TPBench’s first release contains 57 problems from undergraduate to original research level, with the hardest remaining unsolved by today’s leading large language models, highlighting how far AI still has to go.

Methodology

TPBench consists of:

  • Curated Problem Sets
    Problems are original - they can’t be found in various public collections.
    They include derivations, multi-step analytical reasoning, and conceptual explanations.

  • Public and Private Splits
    A small subset of problems and different models’ solutions is made public A private hidden set ensures unbiased evaluation of AI models and prevents data leakage into training corpora.

  • Evaluation Protocol
    Models are tested for correctness of final answers and quality of intermediate reasoning steps.

  • Leaderboard and Continuous Updates
    TPBench tracks and displays model performance on its website, providing a transparent benchmark for progress in AI for physics.

Significance and Applications

TPBench serves several purposes:

  • Benchmarking AI for Theoretical Physics
    It enables fair comparison of large language models and symbolic reasoning systems on rigorous physics tasks.

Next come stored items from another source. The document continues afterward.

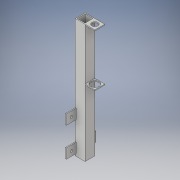
# Autodesk Inventor part: Mount for Control Panel
Saved by Autodesk Inventor 2017 (Build 210142000, 142)
## iProperties
Created: 2020-02-25
Part Number: Mount for Control Panel
Material: Generic
Document SubType Name: Modeling
Designer: S332862739
Density: 1 g/cm^3
Appearance: Default
Author: S332862739
Autodesk Inventor part; units mm, degrees
ref_plane "YZ Plane" through (0, 0, 0) normal (1, 0, 0) x (0, 1, 0)
ref_plane "XZ Plane" through (0, 0, 0) normal (0, 1, 0) x (-1, 0, 0)
ref_plane "XY Plane" through (0, 0, 0) normal (0, 0, 1) x (1, 0, 0)
sketch "Sketch1" plane through (0, 0, 0) normal (0, 1, 0) x (-1, 0, 0)
  line L0 (0, 0) -> (25.4, 0)
  line L1 (25.4, 0) -> (25.4, -25.4)
  line L2 (25.4, -25.4) -> (0, -25.4)
  line L3 (0, -25.4) -> (0, 0)
  dimension "d0" = 25.4
  dimension "d1" = 25.4
  constraints: 8 end point, 2 parallel, 1 horizontal, 1 perpendicular
  measures "d0" distance of L1.end L2.end
  measures "d1" distance of L0.end L1.end
extrude "Extrusion1" add sketch "Sketch1" along normal blind 307.975
sketch "Sketch2" plane through (0, 307.975, 0) normal (0, 1, 0) x (1, 0, 0)
  line L0 (-22.86, 2.54) -> (-2.54, 2.54)
  line L1 (-2.54, 2.54) -> (-2.54, 22.86)
  line L2 (-2.54, 22.86) -> (-22.86, 22.86)
  line L3 (-22.86, 22.86) -> (-22.86, 2.54)
  line L4 (-25.4, 0) -> (0, 0) projected
  line L5 (-25.4, 25.4) -> (-25.4, 0) projected
  dimension "d4" = 20.32
  dimension "d5" = 20.32
  dimension "d6" = 2.54
  dimension "d7" = 2.54
  constraints: 8 end point, 2 parallel, 1 horizontal, 1 perpendicular
  measures "d4" distance of L2.end L1.end
  measures "d5" distance of L1.end L0.end
  measures "d6" distance between parallel lines of L0 L4
  measures "d7" distance between parallel lines of L3 L5
extrude "Extrusion2" cut sketch "Sketch2" against normal blind 307.975
sketch "Sketch3" plane through (0, 0, 0) normal (1, 0, 0) x (0, 0, -1)
  line L0 (0, 0) -> (0, 307.975) projected
  line L1 (0, 307.975) -> (25.4, 307.975)
  line L2 (25.4, 307.975) -> (25.4, 305.435)
  line L3 (25.4, 305.435) -> (0, 305.435)
  line L4 (0, 305.435) -> (0, 307.975)
  dimension "d10" = 25.4
  dimension "d11" = 2.54
  constraints: 8 end point, 2 parallel, 1 horizontal, 1 perpendicular
  measures "d10" distance of L2.end L3.end
  measures "d11" distance of L1.end L2.end
extrude "Extrusion3" add sketch "Sketch3" along normal blind 25.4
sketch "Sketch4" plane through (0, 307.975, 0) normal (0, 1, 0) x (1, 0, 0)
  circle A0 centre (12.7, 12.7) radius 7.9121
  line L0 (-25.4, 0) -> (25.4, 0) projected
  line L1 (25.4, 25.4) -> (25.4, 0) projected
  point P0 (0, 0)
  dimension "d14" = 15.8242
  dimension "d15" = 12.7
  dimension "d16" = 12.7
  constraints: 1 centre point
  measures "d14" diameter of A0
  measures "d15" distance from line of A0.centre L0
  measures "d16" distance from line of L1 A0.centre
extrude "Extrusion4" cut sketch "Sketch4" against normal blind 25.4
sketch "Sketch5" plane through (0, 0, 0) normal (1, 0, 0) x (0, 0, -1)
  line L0 (0, 173.8561) -> (25.4, 173.8561)
  line L1 (25.4, 173.8561) -> (25.4, 171.3161)
  line L2 (25.4, 171.3161) -> (0, 171.3161)
  line L3 (0, 171.3161) -> (0, 173.8561)
  point P0 (0, 0)
  dimension "d19" = 25.4
  dimension "d20" = 2.54
  constraints: 8 end point, 2 parallel, 1 horizontal, 1 perpendicular
  measures "d19" distance of L1.end L2.end
  measures "d20" distance of L0.end L1.end
extrude "Extrusion5" add sketch "Sketch5" along normal blind 25.4
sketch "Sketch6" plane through (0, 171.3161, -25.4) normal (0, -1, 0) x (1, 0, 0)
  circle A0 centre (12.7, 12.7) radius 10.9601
  line L0 (0, 0) -> (25.4, 0) projected
  line L1 (25.4, 25.4) -> (25.4, 0) projected
  point P0 (0, 25.4)
  dimension "d23" = 21.9202
  dimension "d24" = 12.7
  dimension "d25" = 1.7399
  constraints: 1 centre point
  measures "d23" diameter of A0
  measures "d24" distance from line of L0 A0.centre
  measures "d25" distance edge to line of A0 L1
extrude "Extrusion6" cut sketch "Sketch6" against normal blind 25.4
sketch "Sketch7" plane through (-25.4, 0, 0) normal (0, 0, 1) x (1, 0, 0)
  line L0 (0, 0) -> (0, 307.975) projected
  line L1 (0, 31.75) -> (2.54, 31.75)
  line L2 (2.54, 31.75) -> (2.54, 6.35)
  line L3 (2.54, 6.35) -> (0, 6.35)
  line L4 (0, 6.35) -> (0, 31.75)
  line L5 (25.4, 0) -> (0, 0) projected
  line L6 (0, 0) -> (0, 307.975) projected
  line L7 (2.54, 307.975) -> (2.54, 0) projected
  line L8 (0, 82.55) -> (2.54, 82.55)
  line L9 (2.54, 82.55) -> (2.54, 107.95)
  line L10 (2.54, 107.95) -> (0, 107.95)
  line L11 (0, 107.95) -> (0, 82.55)
  dimension "d28" = 2.54
  dimension "d30" = 6.35
  dimension "d48" = 25.4
  dimension "d49" = 25.4
  dimension "d50" = 50.8
  constraints: 16 end point, 4 parallel, 3 point on line, 2 horizontal, 2 perpendicular
  measures "d28" distance of L2.end L3.end
  measures "d30" distance between parallel lines of L5 L3
  measures "d48" distance of L1.end L2.end
  measures "d49" distance of L9.end L8.end
  measures "d50" distance between parallel lines of L1 L8
sketch "Sketch8" plane through (0, 0, -25.4) normal (0, 0, -1) x (-1, 0, 0)
  line L0 (25.4, 0) -> (25.4, 307.975) projected
  line L1 (25.4, 31.75) -> (22.86, 31.75)
  line L2 (22.86, 31.75) -> (22.86, 6.35)
  line L3 (22.86, 6.35) -> (25.4, 6.35)
  line L4 (25.4, 6.35) -> (25.4, 31.75)
  line L5 (25.4, 0) -> (0, 0) projected
  dimension "d33" = 2.54
  dimension "d34" = 25.4
  dimension "d35" = 31.75
  constraints: 8 end point, 2 parallel, 1 horizontal, 1 perpendicular, 1 point on line
  measures "d33" distance of L3.end L2.end
  measures "d34" distance of L2.end L1.end
  measures "d35" distance between parallel lines of L5 L1
extrude "Extrusion8" add sketch "Sketch8" along normal blind 25.4
sketch "Sketch10" plane through (-22.86, 6.35, -25.4) normal (1, 0, 0) x (0, 0, -1)
  circle A0 centre (12.7, 12.7) radius 3.175
  line L0 (0, 0) -> (25.4, 0) projected
  line L1 (0, -6.35) -> (0, 164.9661) projected
  point P0 (-25.4, -6.35)
  dimension "d43" = 6.35
  dimension "d44" = 12.7
  dimension "d45" = 12.7
  constraints: 1 centre point
  measures "d43" diameter of A0
  measures "d44" distance from line of L0 A0.centre
  measures "d45" distance from line of A0.centre L1
extrude "Extrusion10" cut sketch "Sketch10" against normal blind 25.4
extrude "Extrusion11" add sketch "Sketch7" along normal blind 25.4 contours L0 L1 L2 L3 | L0 L10 L7 L8
sketch "Sketch11" plane through (-22.86, 82.55, 0) normal (1, 0, 0) x (0, 0, -1)
  circle A0 centre (-12.7, -63.5) radius 3.175
  line L0 (0, -50.8) -> (-25.4, -50.8) projected
  line L1 (-12.7, -50.8) -> (-12.7, -63.5) construction
  line L2 (-12.7, -63.5) -> (-25.4, -63.5) construction
  circle A1 centre (-12.7, 12.7) radius 3.175
  line L3 (-12.7, 12.7) -> (-12.7, 25.4) construction
  line L4 (0, 25.4) -> (-25.4, 25.4) projected
  line L5 (-12.7, 12.7) -> (-25.4, 12.7) construction
  point P0 (0, -82.55)
  dimension "d53" = 6.35
  dimension "d54" = 12.7
  dimension "d55" = 6.35
  dimension "d56" = 12.7
  constraints: 8 end point, 4 perpendicular, 2 centre point, 2 midpoint, 1 horizontal, 1 vertical
  measures "d53" diameter of A0
  measures "d54" distance of L1.start L1.end
  measures "d55" diameter of A1
  measures "d56" distance of L3.start L3.end
extrude "Extrusion12" cut sketch "Sketch11" against normal blind 25.4
body "Solid1"

  • Research and Development
    Helps guide the design of specialized AI architectures and training methods that can handle symbolic derivations and complex mathematical reasoning.

Future Plans

Future development of TPBench is expected to include:

  • Expanding both the public and private sets.
  • Adding problem categories covering broader areas of theoretical physics.
  • Developing richer evaluation metrics to assess step-by-step reasoning, not just final answers.
  • Facilitating community contributions while maintaining strict quality control.